Additional state-level data measured religiousness and the proportion of Republicans elected to the House of Representatives from a given area. Data on religiosity and political representation was obtained from the Pew Research Center and the Library of Congress, respectively. State-year-level legislative data on abortion restrictions was obtained from the Guttmacher Institute.
The researchers found that while the percentage of live births from unintended pregnancies (either mistimed or unwanted pregnancy) has decreased over the last 15 years, this decrease was not evenly distributed across the country.
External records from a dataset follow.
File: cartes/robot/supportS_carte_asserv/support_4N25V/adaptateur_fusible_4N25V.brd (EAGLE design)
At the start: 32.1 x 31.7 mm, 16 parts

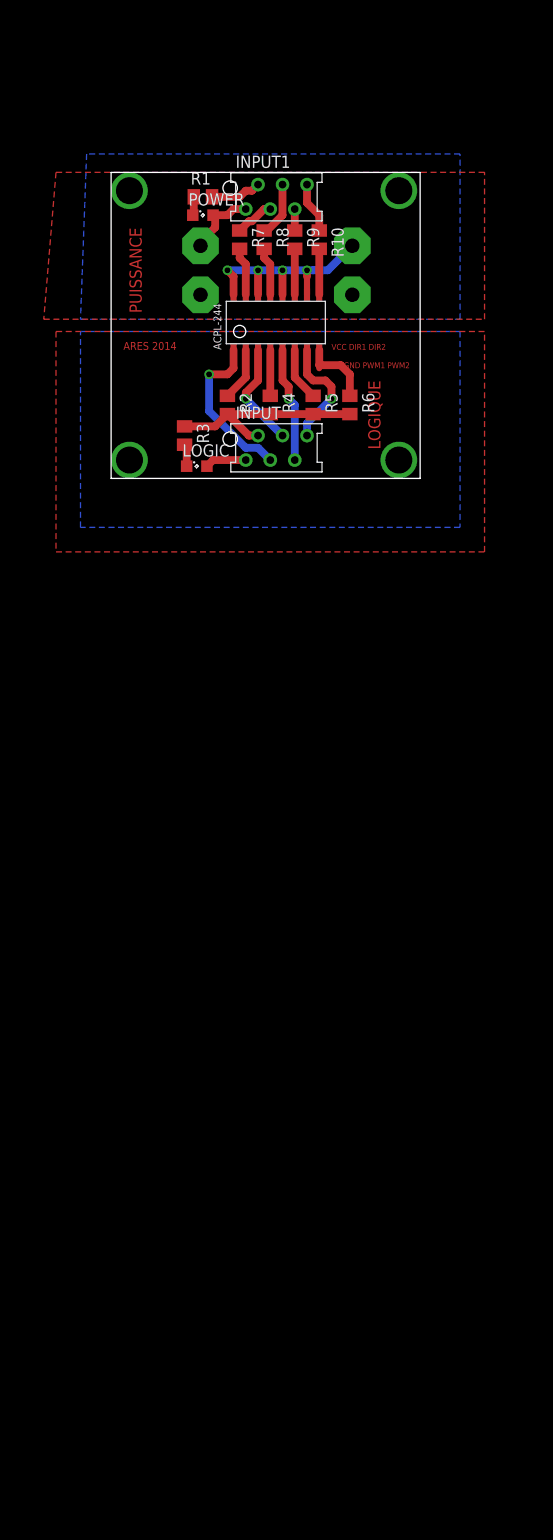
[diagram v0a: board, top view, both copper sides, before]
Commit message: Ajout nvlle carte opto
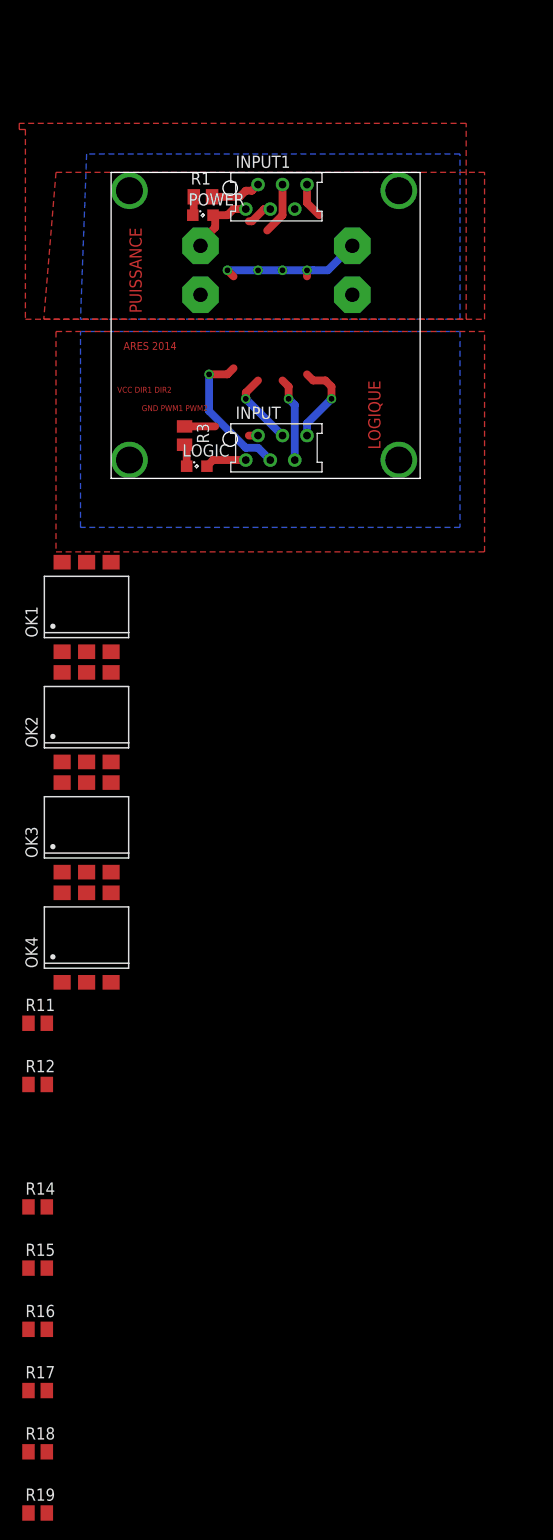
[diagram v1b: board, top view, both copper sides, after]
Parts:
- removed R10, R7, R8, R9: 470, rcl:M0805
- removed R2, R4, R5, R6: 1k, rcl:M0805
- removed U$1: ACPL-244, acpl-244:ACPL-244
- added OK1, OK2, OK3, OK4: 4N25SM, optocoupler:DIL6-SMD
- added R11, R12, R14, R15: 1k, rcl:M0805
- added R16, R17, R18, R19: 470, rcl:M0805
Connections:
- removed net N$11: R5.1, U$1.6
- removed net N$12: R6.1, U$1.8
- removed net N$13: R7.2, U$1.15
- removed net N$14: R8.2, U$1.13
- removed net N$16: R10.2, U$1.9
- new net N$19: OK1.4, R16.2
- new net N$20: OK2.4, R17.2
- new net N$21: OK3.4, R18.2
- new net N$22: OK4.4, R19.2
- new net N$9: OK3.2, R14.1
- net C_DIR1: no longer U$1.1
- net C_DIR2: now also OK3.1; no longer U$1.5
- net C_PWM1: now also OK2.1; no longer U$1.3
- net C_PWM2: now also OK4.1; no longer U$1.7
- net DIR1: now also R16.1; no longer R7.1
- net DIR2: now also R18.1; no longer R9.1
- net FUSE_5V: no longer U$1.10, U$1.12, U$1.14, U$1.16
- net GND: now also R11.2, R12.2, R14.2, R15.2; no longer R2.2, R4.2, R5.2, R6.2
- net N$1: now also OK1.2, R11.1; no longer R9.2, U$1.11
- net N$10: now also OK4.2, R15.1; no longer R4.1, U$1.4
- net N$2: now also OK2.2, R12.1; no longer R2.1, U$1.2
- net PWM1: now also R17.1; no longer R8.1
- net PWM2: now also R19.1; no longer R10.1
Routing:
- net GND: track 21.8 -> 4.12 mm
- net N$12: track 7.38 -> 0.00 mm
- net FUSE_5V: track 22.5 -> 15.5 mm
- net N$2: track 5.55 -> 0.00 mm
- net N$11: track 5.55 -> 0.00 mm
- net N$14: track 5.03 -> 0.00 mm
- net N$13: track 5.03 -> 0.00 mm
- net N$16: track 4.77 -> 0.00 mm
- net N$10: track 4.77 -> 0.00 mm
- net N$1: track 4.77 -> 0.00 mm
- net C_PWM1: track 11.0 -> 7.82 mm
- net C_DIR2: track 12.0 -> 8.78 mm
- net C_PWM2: track 11.7 -> 9.20 mm
- net DIR2: track 2.23 -> 0.00 mm
- net C_DIR1: track 17.0 -> 15.1 mm
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
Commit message: nouvelle carte sans ne555
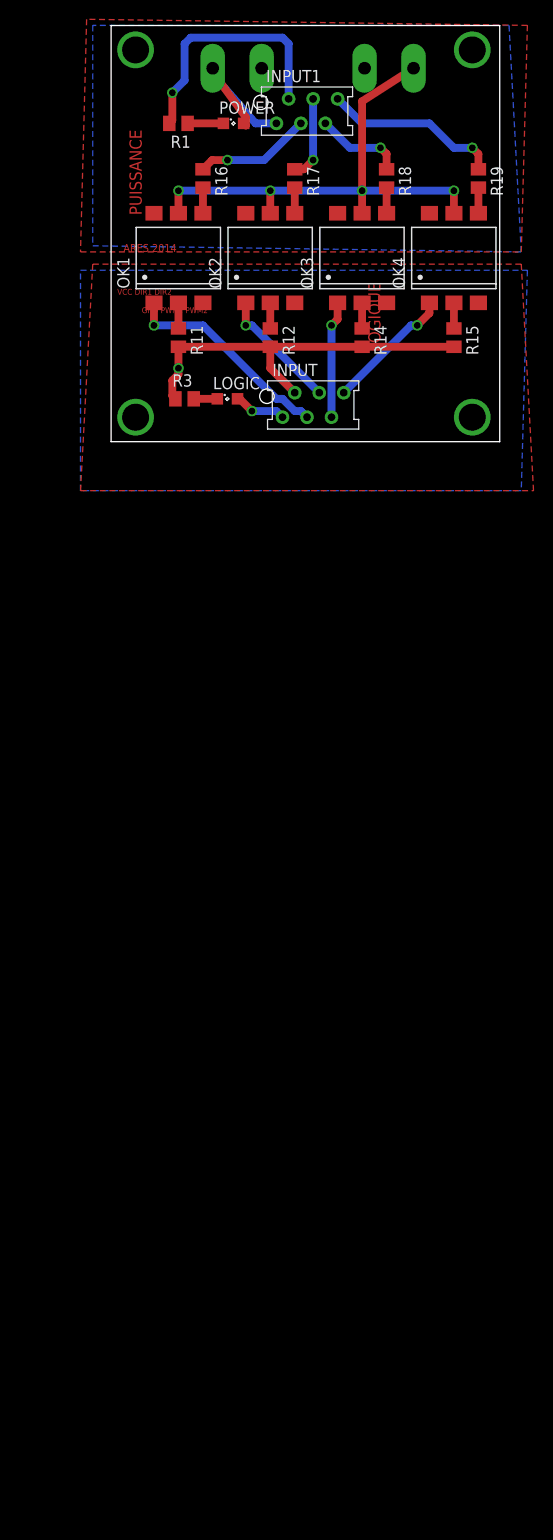
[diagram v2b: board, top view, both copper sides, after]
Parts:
- F3: device fuse:SHK20Q -> fuse:SHK20L
- moved R19 145.8 mm to (41.3, 31.1), turned to 270 degrees
- moved R18 136.9 mm to (31.8, 31.1), turned to 270 degrees
- moved R17 128.5 mm to (22.2, 31.1), turned to 270 degrees
- moved R16 120.6 mm to (12.7, 31.1), turned to 270 degrees
- moved R15 105.7 mm to (38.7, 14.6), turned to 270 degrees
- moved R14 96.2 mm to (29.2, 14.6), turned to 270 degrees
- moved R12 81.1 mm to (19.7, 14.6), turned to 270 degrees
- moved OK4 80.1 mm to (38.7, 22.9)
- moved R11 72.6 mm to (10.2, 14.6), turned to 270 degrees
- moved OK3 65.6 mm to (29.2, 22.9)
- moved OK2 51.3 mm to (19.7, 22.9)
- moved OK1 37.4 mm to (10.2, 22.9)
- moved F3 21.3 mm to (24.1, 42.5)
- moved POWER 10.0 mm to (15.9, 36.8)
- moved INPUT1 9.44 mm to (20.3, 36.8)
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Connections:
- net C_DIR1: now also OK1.1
- net FUSE_5V: now also OK1.5, OK2.5, OK3.5, OK4.5
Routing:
- net FUSE_5V: track 15.5 -> 53.5 mm
- net GND: track 4.12 -> 42.0 mm, vias 0 -> 1
- net GNDA: track 5.29 -> 25.9 mm, vias 0 -> 1
- net PWM2: track 3.70 -> 18.6 mm, vias 0 -> 1
- net DIR1: track 2.75 -> 12.1 mm, vias 0 -> 1
- net +5V: track 7.56 -> 16.9 mm
- net DIR2: track 0.00 -> 9.26 mm, vias 0 -> 1
- net C_DIR1: track 15.1 -> 22.2 mm
- net C_PWM1: track 7.82 -> 12.9 mm
- net C_PWM2: track 9.20 -> 13.4 mm
- net C_DIR2: track 8.78 -> 12.1 mm
- net PWM1: track 5.42 -> 8.65 mm, vias 0 -> 1
- net N$9: track 0.00 -> 2.66 mm
- net N$22: track 0.00 -> 2.66 mm
- net N$21: track 0.00 -> 2.66 mm
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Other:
- board size 32.1 x 31.7 mm -> 40.3 x 43.2 mm
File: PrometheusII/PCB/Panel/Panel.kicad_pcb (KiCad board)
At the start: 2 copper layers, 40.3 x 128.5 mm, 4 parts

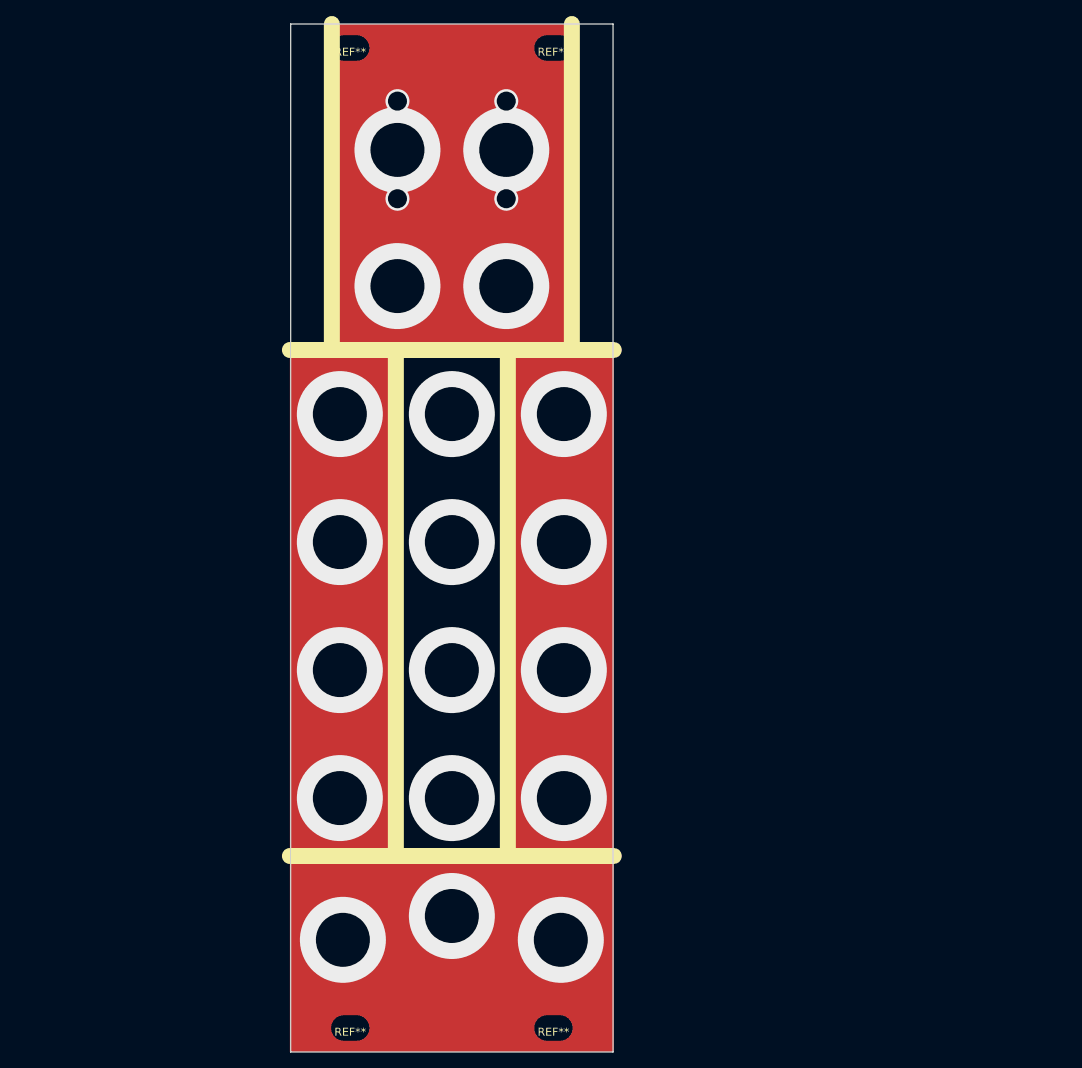
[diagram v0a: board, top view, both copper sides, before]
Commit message: Various DRC fixes
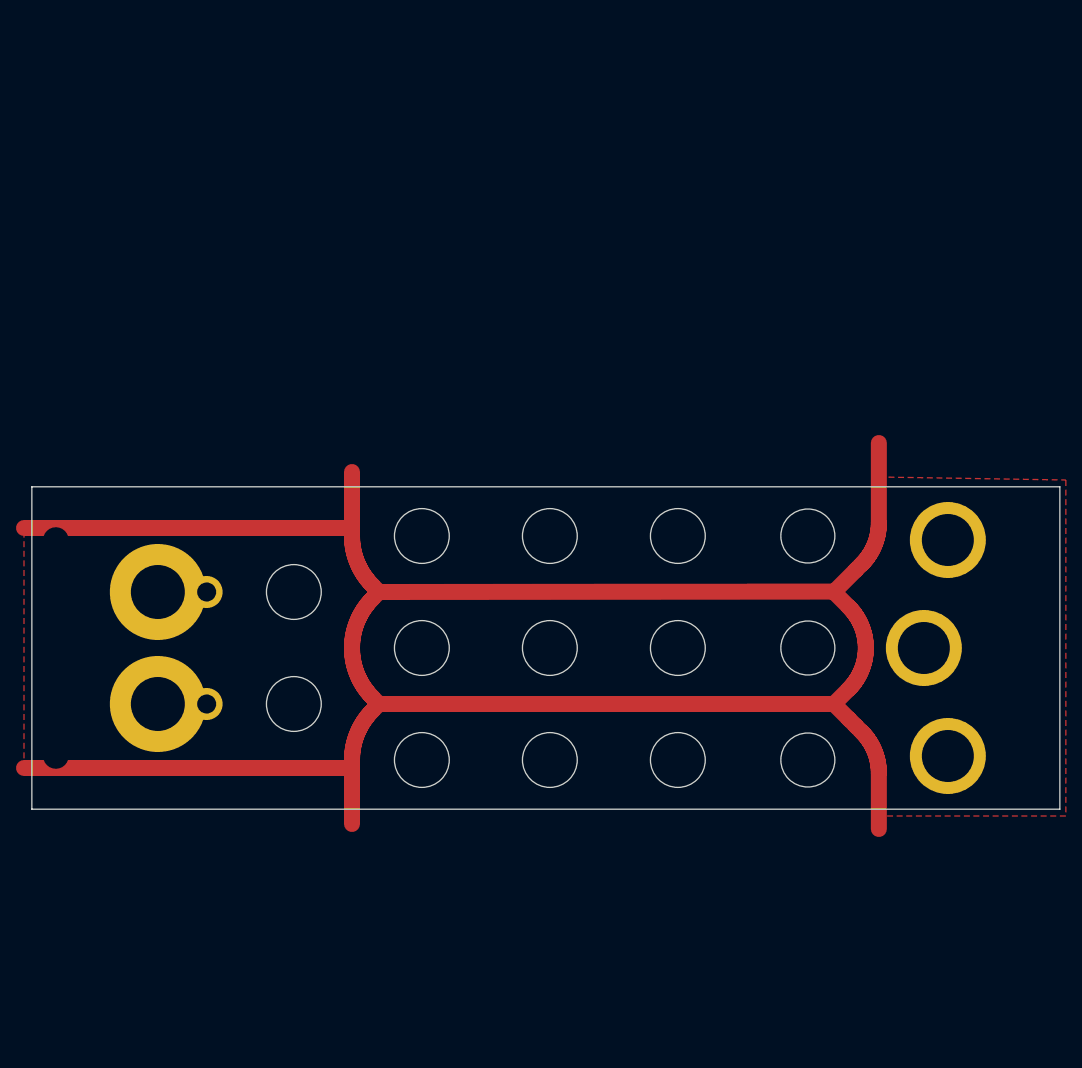
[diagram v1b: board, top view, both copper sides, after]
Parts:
- removed the REF** at (112.7, 24.5)
- removed the REF** at (87.3, 24.5)
- removed the REF** at (87.3, 147.0)
- removed the REF** at (112.7, 147.0)
- added G***: LOGO, ttt_lib:TTT_11.1x9.5, B.Cu at (74.5, 99.5)
- added REF**: PJ398SM_Plated, ttt_panels:PJ398SM_Plated, F.Cu at (162.0, 113.0)
- added REF**: Knob_Unplated, ttt_panels:Knob_Unplated, F.Cu at (112.2, 85.5)
- added REF**: Knob_Unplated, ttt_panels:Knob_Unplated, F.Cu at (112.2, 113.5)
- added REF**: Knob_Unplated, ttt_panels:Knob_Unplated, F.Cu at (112.2, 99.5)
- added REF**: Knob_Unplated, ttt_panels:Knob_Unplated, F.Cu at (96.2, 113.5)
- added REF**: Knob_Unplated, ttt_panels:Knob_Unplated, F.Cu at (96.2, 99.5)
- added REF**: Knob_Unplated, ttt_panels:Knob_Unplated, F.Cu at (80.2, 106.5)
- added REF**: Knob_Unplated, ttt_panels:Knob_Unplated, F.Cu at (80.2, 92.5)
- added REF**: Knob_Unplated, ttt_panels:Knob_Unplated, F.Cu at (96.2, 85.5)
- added REF**: Funswitch_Plated, ttt_panels:Funswitch_Plated, F.Cu at (63.2, 106.5)
- added REF**: Funswitch_Plated, ttt_panels:Funswitch_Plated, F.Cu at (63.2, 92.5)
- added REF**: PJ398SM_Unplated, ttt_panels:PJ398SM_Unplated, F.Cu at (144.5, 99.5)
- added REF**: euro_mounting_hole, ttt_lib:euro_mounting_hole, F.Cu at (173.0, 86.8)
- added REF**: euro_mounting_hole, ttt_lib:euro_mounting_hole, F.Cu at (173.0, 112.2)
- added REF**: euro_mounting_hole, ttt_lib:euro_mounting_hole, F.Cu at (50.5, 86.8)
- added REF**: PJ398SM_Plated, ttt_panels:PJ398SM_Plated, F.Cu at (162.0, 86.0)
- added REF**: euro_mounting_hole, ttt_lib:euro_mounting_hole, F.Cu at (50.5, 112.2)
- added REF**: PJ398SM_Unplated, ttt_panels:PJ398SM_Unplated, F.Cu at (144.5, 85.5)
- added REF**: Knob_Unplated, ttt_panels:Knob_Unplated, F.Cu at (128.2, 113.5)
- added REF**: Knob_Unplated, ttt_panels:Knob_Unplated, F.Cu at (128.2, 99.5)
- added REF**: Knob_Unplated, ttt_panels:Knob_Unplated, F.Cu at (128.2, 85.5)
- added REF**: PJ398SM_Unplated, ttt_panels:PJ398SM_Unplated, F.Cu at (144.5, 113.5)
- added REF**: PJ398SM_Plated, ttt_panels:PJ398SM_Plated, F.Cu at (159.0, 99.5)
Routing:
- net (no net): track 0.00 -> 298.9 mm, vias 23 -> 0
- added copper zone on F.Cu, net (none)
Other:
- board size 40.3 x 128.5 mm -> 128.5 x 40.3 mm
- board text added: "2020-07"
- board text added: "JLCJLCJLCJLC"
- board text added: "Prometheus II Rev 01"

States with the highest levels of live births from unintended pregnancies were in the South and Midwest regions, while the lowest levels were found in the Northeast and West.
State characteristics – including share of population who attend religious services weekly, and higher shares of Republicans in the House of Representatives – were associated with greater likelihood of a live birth from an unintended pregnancy.
The paper also found that public policies mattered: Women living in states with a greater number of policies that made it difficult to access abortions – which were legal in all states prior to the Dobbs decision in June of 2022 – experienced significantly higher levels of unintended pregnancies that resulted in a live birth than women living in states with fewer restrictive policies.
Many states with strict abortion regulations claim they are focusing on the children, but their actions haven’t reflected that claim, Sassler said.
“Providing broader access to health insurance coverage, getting women prenatal care earlier on in their pregnancy, and extending insurance coverage for longer periods of time after they give birth is just one way of taking better care of women and children,” she said.
Eddelbuettel began this research, which would become her honors thesis, as a sophomore majoring in policy analysis and management in the College of Human Ecology. She and Sassler presented the work at the 2022 Population Association of America annual meeting, during what would have been the spring of her senior year. She graduated in December 2021.
“Presenting at that conference is a highly competitive process,” Sassler said. “It’s incredibly rare for undergraduates to present there.”
This work was supported in part by a 2021 Summer Undergraduate Independent Research Grant to Eddelbuettel from the College of Human Ecology.